Lastly, all the above changes shall be linked, on the one hand, with the commercialisation of this “old craft”, i.e. narration, and, on the other hand, with the blind allegiance to the globalised narrative patterns of stories, which are usually encountered on the Internet and are then spread to the entire society, thus transforming the content of the narration process itself.
Paper short abstract:
Modernization affected how healing authorities were narrated. Belief narratives about vernacular healers adapted concepts of medicine in resisting theory-based healing that was promoted by the newspaper narratives. This paper examines the use of narratives as strategies in medicine and healing.
Paper long abstract:
This paper addresses the discourses on Swedish-language vernacular magical healing in Ostrobothnia, Finland, at the turn of the 20th century. In the same medical market, both vernacular healers and physicians attracted patients with different healing schemas. Whereas traditional healers based their healing on traditional knowledge of where the illnesses came from and how they could be healed, physicians who were just arriving to the local medical market based their knowledge on theory-based medicine. In the local vernacular narratives about famous healers they were associated with sin and were gossiped of making a deal with the Devil. Nevertheless, the vernacular narratives portray these healers as more efficient in healing than physicians. Newspapers of the time, however, promoted narratives of healing that described these “quacks” as less efficient than academically-trained physicians or even lethal with their healing.

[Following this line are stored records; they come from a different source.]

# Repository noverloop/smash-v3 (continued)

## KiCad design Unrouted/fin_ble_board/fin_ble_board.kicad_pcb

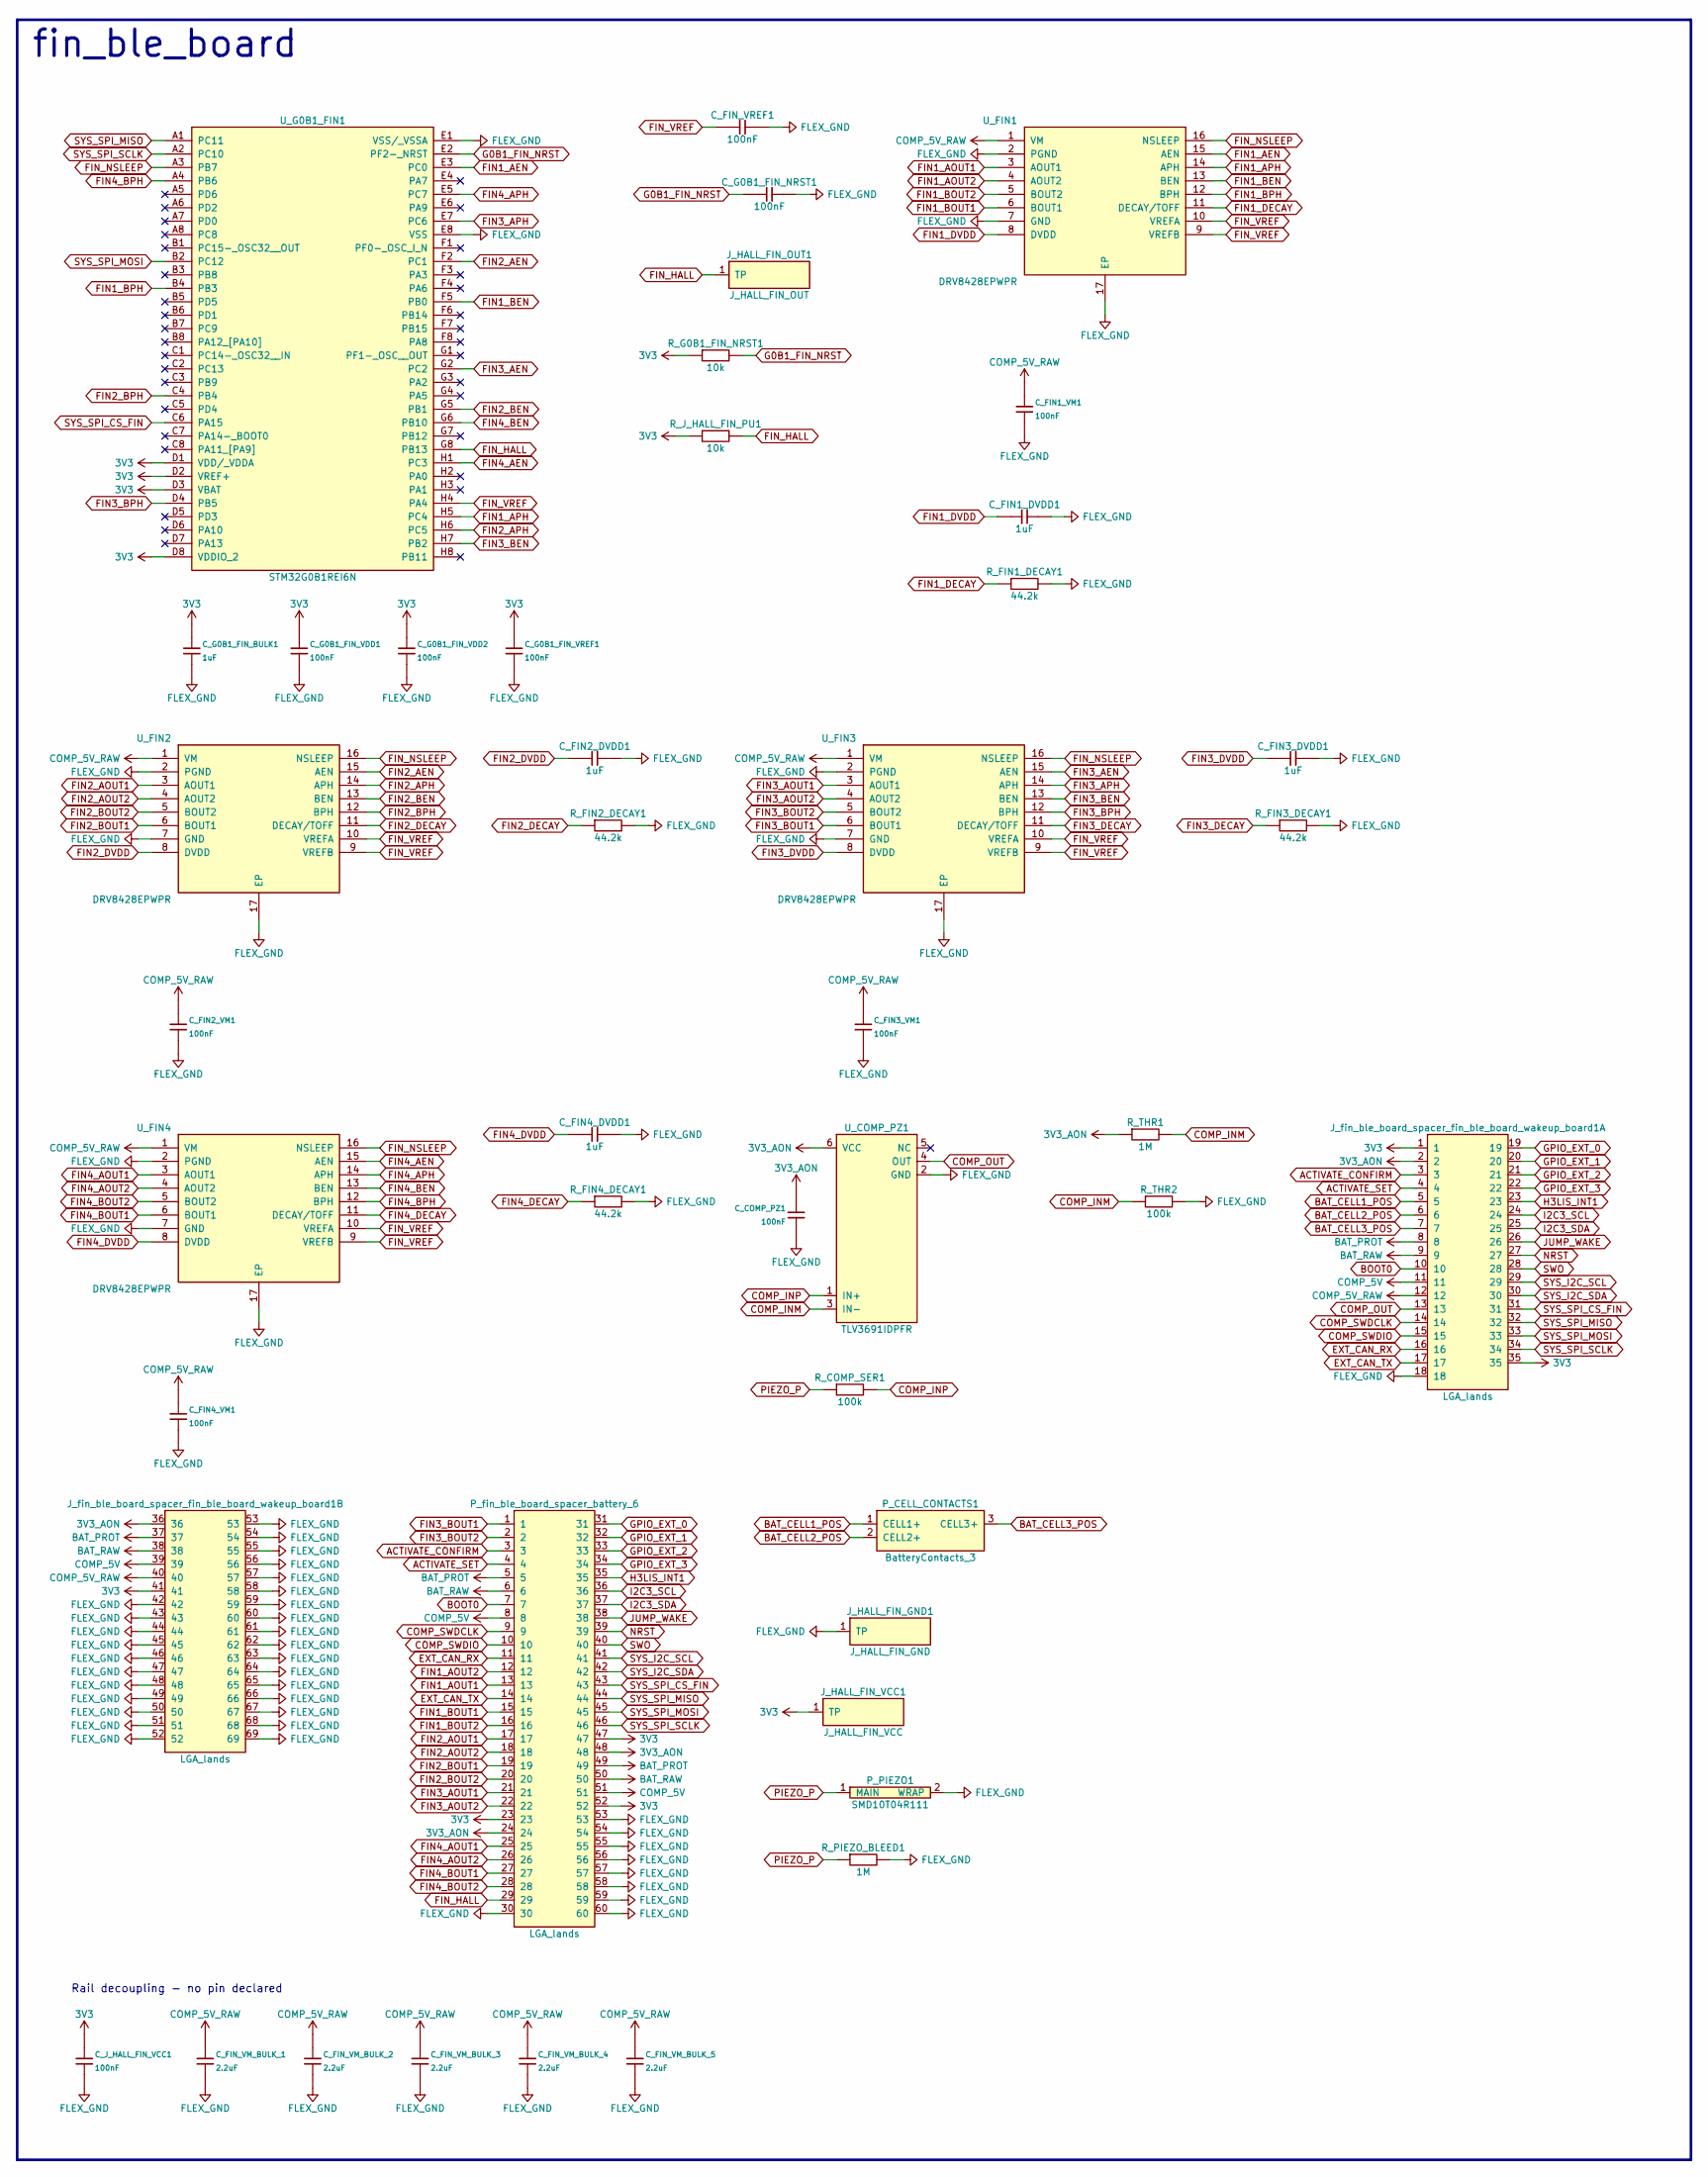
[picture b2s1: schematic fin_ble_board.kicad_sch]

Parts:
C_COMP_PZ1: 100nF; Capacitor_SMD_C_0402_1005Metric; MPN C0402 X7R 100nF
C_FIN1_DVDD1, C_FIN2_DVDD1, C_FIN3_DVDD1, C_FIN4_DVDD1: 1uF; Capacitor_SMD_C_0805_2012Metric; MPN C-Series MIL-PRF-32535 X7R 0805 1uF
C_FIN1_VM1, C_FIN2_VM1, C_FIN3_VM1, C_FIN4_VM1: 100nF; Capacitor_SMD_C_0402_1005Metric; MPN C0402 X7R 100nF
C_FIN_VM_BULK_1, C_FIN_VM_BULK_2, C_FIN_VM_BULK_3, C_FIN_VM_BULK_4, C_FIN_VM_BULK_5: 2.2uF; Capacitor_SMD_C_0603_1608Metric; MPN C-Series MIL-PRF-32535 X7R 0603 2.2uF
C_FIN_VREF1: 100nF; Capacitor_SMD_C_0402_1005Metric; MPN C0402 X7R 100nF
C_G0B1_FIN_BULK1: 1uF; Capacitor_SMD_C_0805_2012Metric; MPN C-Series MIL-PRF-32535 X7R 0805 1uF
C_G0B1_FIN_NRST1, C_G0B1_FIN_VDD1, C_G0B1_FIN_VDD2, C_G0B1_FIN_VREF1: 100nF; Capacitor_SMD_C_0402_1005Metric; MPN C0402 X7R 100nF
C_J_HALL_FIN_VCC1: 100nF; Capacitor_SMD_C_0402_1005Metric; MPN C0402 X7R 100nF
J_HALL_FIN_GND1: J_HALL_FIN_GND; Pogo_Pad_D2.0mm
J_HALL_FIN_OUT1: J_HALL_FIN_OUT; Pogo_Pad_D2.0mm
J_HALL_FIN_VCC1: J_HALL_FIN_VCC; Pogo_Pad_D2.0mm
J_fin_ble_board_spacer_fin_ble_board_wakeup_board1: LGA_lands; J_fin_ble_board_spacer_fin_ble_board_wakeup_board; MPN LGA_lands
P_CELL_CONTACTS1: BatteryContacts_3; MPN BatteryContacts_3
P_PIEZO1: SMD10T04R111; PiezoDisc_SMD10T04R111; MPN SMD10T04R111
P_fin_ble_board_spacer_battery_6: LGA_lands; P_fin_ble_board_spacer_battery_6; MPN LGA_lands
R_COMP_SER1: 100k; Resistor_SMD_R_0402_1005Metric; MPN CRCW0402 100k 1% e3
R_FIN1_DECAY1, R_FIN2_DECAY1, R_FIN3_DECAY1, R_FIN4_DECAY1: 44.2k; Resistor_SMD_R_0402_1005Metric; MPN CRCW0402 44.2k 1% e3
R_G0B1_FIN_NRST1: 10k; Resistor_SMD_R_0402_1005Metric; MPN CRCW0402 10k 1% e3
R_J_HALL_FIN_PU1: 10k; Resistor_SMD_R_0402_1005Metric; MPN CRCW0402 10k 1% e3
R_PIEZO_BLEED1: 1M; Resistor_SMD_R_0402_1005Metric; MPN CRCW0402 1M 1% e3
R_THR1: 1M; Resistor_SMD_R_0402_1005Metric; MPN CRCW0402 1M 1% e3
R_THR2: 100k; Resistor_SMD_R_0402_1005Metric; MPN CRCW0402 100k 1% e3
U_COMP_PZ1: TLV3691IDPFR; DPF0006A; MPN TLV3691IDPFR
U_FIN1, U_FIN2, U_FIN3, U_FIN4: DRV8428EPWPR; SOP65P640X120-17N; MPN DRV8428EPWPR
U_G0B1_FIN1: STM32G0B1REI6N; BGA64C50P8X8_500X500X60; MPN STM32G0B1REI6N

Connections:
3V3: C_G0B1_FIN_BULK1.1, C_G0B1_FIN_VDD1.1, C_G0B1_FIN_VDD2.1, C_G0B1_FIN_VREF1.1, C_J_HALL_FIN_VCC1.1, J_HALL_FIN_VCC1.1, J_fin_ble_board_spacer_fin_ble_board_wa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.1, J_fin_ble_board_spacer_fin_ble_board_wa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.35, J_fin_ble_board_spacer_fin_ble_board_wa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.41, P_fin_ble_board_spacer_battery_6.23, P_fin_ble_board_spacer_battery_6.47, P_fin_ble_board_spacer_battery_6.52, R_G0B1_FIN_NRST1.1, R_J_HALL_FIN_PU1.1, U_G0B1_FIN1.D1 (VDD/_VDDA), U_G0B1_FIN1.D2 (VREF+), U_G0B1_FIN1.D3 (VBAT), U_G0B1_FIN1.D8 (VDDIO_2)
3V3_AON: C_COMP_PZ1.1, J_fin_ble_board_spacer_fin_ble_board_wa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.2, J_fin_ble_board_spacer_fin_ble_board_wa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.36, P_fin_ble_board_spacer_battery_6.24, P_fin_ble_board_spacer_battery_6.48, R_THR1.1, U_COMP_PZ1.6 (VCC)
ACTIVATE_CONFIRM: J_fin_ble_board_spacer_fin_ble_board_wa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.3, P_fin_ble_board_spacer_battery_6.3
ACTIVATE_SET: J_fin_ble_board_spacer_fin_ble_board_wa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.4, P_fin_ble_board_spacer_battery_6.4
BAT_CELL1_POS: J_fin_ble_board_spacer_fin_ble_board_wa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.5, P_CELL_CONTACTS1.1 (CELL1+)
BAT_CELL2_POS: J_fin_ble_board_spacer_fin_ble_board_wa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.6, P_CELL_CONTACTS1.2 (CELL2+)
BAT_CELL3_POS: J_fin_ble_board_spacer_fin_ble_board_wa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.7, P_CELL_CONTACTS1.3 (CELL3+)
BAT_PROT: J_fin_ble_board_spacer_fin_ble_board_wa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.8, J_fin_ble_board_spacer_fin_ble_board_wa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.37, P_fin_ble_board_spacer_battery_6.5, P_fin_ble_board_spacer_battery_6.49
BAT_RAW: J_fin_ble_board_spacer_fin_ble_board_wa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.9, J_fin_ble_board_spacer_fin_ble_board_wa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.38, P_fin_ble_board_spacer_battery_6.6, P_fin_ble_board_spacer_battery_6.50
BOOT0: J_fin_ble_board_spacer_fin_ble_board_wa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.10, P_fin_ble_board_spacer_battery_6.7
COMP_5V: J_fin_ble_board_spacer_fin_ble_board_wa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.11, J_fin_ble_board_spacer_fin_ble_board_wa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.39, P_fin_ble_board_spacer_battery_6.8, P_fin_ble_board_spacer_battery_6.51
COMP_5V_RAW: C_FIN1_VM1.1, C_FIN2_VM1.1, C_FIN3_VM1.1, C_FIN4_VM1.1, C_FIN_VM_BULK_1.1, C_FIN_VM_BULK_2.1, C_FIN_VM_BULK_3.1, C_FIN_VM_BULK_4.1, C_FIN_VM_BULK_5.1, J_fin_ble_board_spacer_fin_ble_board_wa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.12, J_fin_ble_board_spacer_fin_ble_board_wa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.40, U_FIN1.1 (VM), U_FIN2.1 (VM), U_FIN3.1 (VM), U_FIN4.1 (VM)
COMP_INM: R_THR1.2, R_THR2.1, U_COMP_PZ1.3 (IN-)
COMP_INP: R_COMP_SER1.2, U_COMP_PZ1.1 (IN+)
COMP_OUT: J_fin_ble_board_spacer_fin_ble_board_wa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.13, U_COMP_PZ1.4 (OUT)
COMP_SWDCLK: J_fin_ble_board_spacer_fin_ble_board_wa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.14, P_fin_ble_board_spacer_battery_6.9
COMP_SWDIO: J_fin_ble_board_spacer_fin_ble_board_wa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.15, P_fin_ble_board_spacer_battery_6.10
EXT_CAN_RX: J_fin_ble_board_spacer_fin_ble_board_wa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.16, P_fin_ble_board_spacer_battery_6.11
EXT_CAN_TX: J_fin_ble_board_spacer_fin_ble_board_wa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.17, P_fin_ble_board_spacer_battery_6.14
FIN1_AEN: U_FIN1.15 (AEN), U_G0B1_FIN1.E3 (PC0)
FIN1_AOUT1: P_fin_ble_board_spacer_battery_6.13, U_FIN1.3 (AOUT1)
FIN1_AOUT2: P_fin_ble_board_spacer_battery_6.12, U_FIN1.4 (AOUT2)
FIN1_APH: U_FIN1.14 (APH), U_G0B1_FIN1.H5 (PC4)
FIN1_BEN: U_FIN1.13 (BEN), U_G0B1_FIN1.F5 (PB0)
FIN1_BOUT1: P_fin_ble_board_spacer_battery_6.15, U_FIN1.6 (BOUT1)
FIN1_BOUT2: P_fin_ble_board_spacer_battery_6.16, U_FIN1.5 (BOUT2)
FIN1_BPH: U_FIN1.12 (BPH), U_G0B1_FIN1.B4 (PB3)
FIN1_DECAY: R_FIN1_DECAY1.1, U_FIN1.11 (DECAY/TOFF)
FIN1_DVDD: C_FIN1_DVDD1.1, U_FIN1.8 (DVDD)
FIN2_AEN: U_FIN2.15 (AEN), U_G0B1_FIN1.F2 (PC1)
FIN2_AOUT1: P_fin_ble_board_spacer_battery_6.17, U_FIN2.3 (AOUT1)
FIN2_AOUT2: P_fin_ble_board_spacer_battery_6.18, U_FIN2.4 (AOUT2)
FIN2_APH: U_FIN2.14 (APH), U_G0B1_FIN1.H6 (PC5)
FIN2_BEN: U_FIN2.13 (BEN), U_G0B1_FIN1.G5 (PB1)
FIN2_BOUT1: P_fin_ble_board_spacer_battery_6.19, U_FIN2.6 (BOUT1)
FIN2_BOUT2: P_fin_ble_board_spacer_battery_6.20, U_FIN2.5 (BOUT2)
FIN2_BPH: U_FIN2.12 (BPH), U_G0B1_FIN1.C4 (PB4)
FIN2_DECAY: R_FIN2_DECAY1.1, U_FIN2.11 (DECAY/TOFF)
FIN2_DVDD: C_FIN2_DVDD1.1, U_FIN2.8 (DVDD)
FIN3_AEN: U_FIN3.15 (AEN), U_G0B1_FIN1.G2 (PC2)
FIN3_AOUT1: P_fin_ble_board_spacer_battery_6.21, U_FIN3.3 (AOUT1)
FIN3_AOUT2: P_fin_ble_board_spacer_battery_6.22, U_FIN3.4 (AOUT2)
FIN3_APH: U_FIN3.14 (APH), U_G0B1_FIN1.E7 (PC6)
FIN3_BEN: U_FIN3.13 (BEN), U_G0B1_FIN1.H7 (PB2)
FIN3_BOUT1: P_fin_ble_board_spacer_battery_6.1, U_FIN3.6 (BOUT1)
FIN3_BOUT2: P_fin_ble_board_spacer_battery_6.2, U_FIN3.5 (BOUT2)
FIN3_BPH: U_FIN3.12 (BPH), U_G0B1_FIN1.D4 (PB5)
FIN3_DECAY: R_FIN3_DECAY1.1, U_FIN3.11 (DECAY/TOFF)
FIN3_DVDD: C_FIN3_DVDD1.1, U_FIN3.8 (DVDD)
FIN4_AEN: U_FIN4.15 (AEN), U_G0B1_FIN1.H1 (PC3)
FIN4_AOUT1: P_fin_ble_board_spacer_battery_6.25, U_FIN4.3 (AOUT1)
FIN4_AOUT2: P_fin_ble_board_spacer_battery_6.26, U_FIN4.4 (AOUT2)
FIN4_APH: U_FIN4.14 (APH), U_G0B1_FIN1.E5 (PC7)
FIN4_BEN: U_FIN4.13 (BEN), U_G0B1_FIN1.G6 (PB10)
FIN4_BOUT1: P_fin_ble_board_spacer_battery_6.27, U_FIN4.6 (BOUT1)
FIN4_BOUT2: P_fin_ble_board_spacer_battery_6.28, U_FIN4.5 (BOUT2)
FIN4_BPH: U_FIN4.12 (BPH), U_G0B1_FIN1.A4 (PB6)
FIN4_DECAY: R_FIN4_DECAY1.1, U_FIN4.11 (DECAY/TOFF)
FIN4_DVDD: C_FIN4_DVDD1.1, U_FIN4.8 (DVDD)
FIN_HALL: J_HALL_FIN_OUT1.1, P_fin_ble_board_spacer_battery_6.29, R_J_HALL_FIN_PU1.2, U_G0B1_FIN1.G8 (PB13)
FIN_NSLEEP: U_FIN1.16 (NSLEEP), U_FIN2.16 (NSLEEP), U_FIN3.16 (NSLEEP), U_FIN4.16 (NSLEEP), U_G0B1_FIN1.A3 (PB7)
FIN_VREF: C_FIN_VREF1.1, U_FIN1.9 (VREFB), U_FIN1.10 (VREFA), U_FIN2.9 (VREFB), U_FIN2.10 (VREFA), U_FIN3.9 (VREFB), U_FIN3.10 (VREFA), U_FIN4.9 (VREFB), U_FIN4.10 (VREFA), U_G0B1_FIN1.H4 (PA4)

These diverse narratives of healing and medicine represent a breaking point in the local history when traditional healing methods and authorities were giving room in the medical market for emerging theory-based healing brought by the modernization process. Narratives about magical healers aiding the physicians communicate resistance towards previously unknown kind of healing whereas newspapers articles, communicating elite discussion on healing, narrated a restrictive voice on medical authority. This papers surveys these conflicting, yet intertextual and genre-breaking narratives, with discourse analysis. It offers a new insight on vernacular healing models of the rural Swedish-speaking Ostrobothnia as well as an unique case study of narrated medical market that is going through a fundamental change.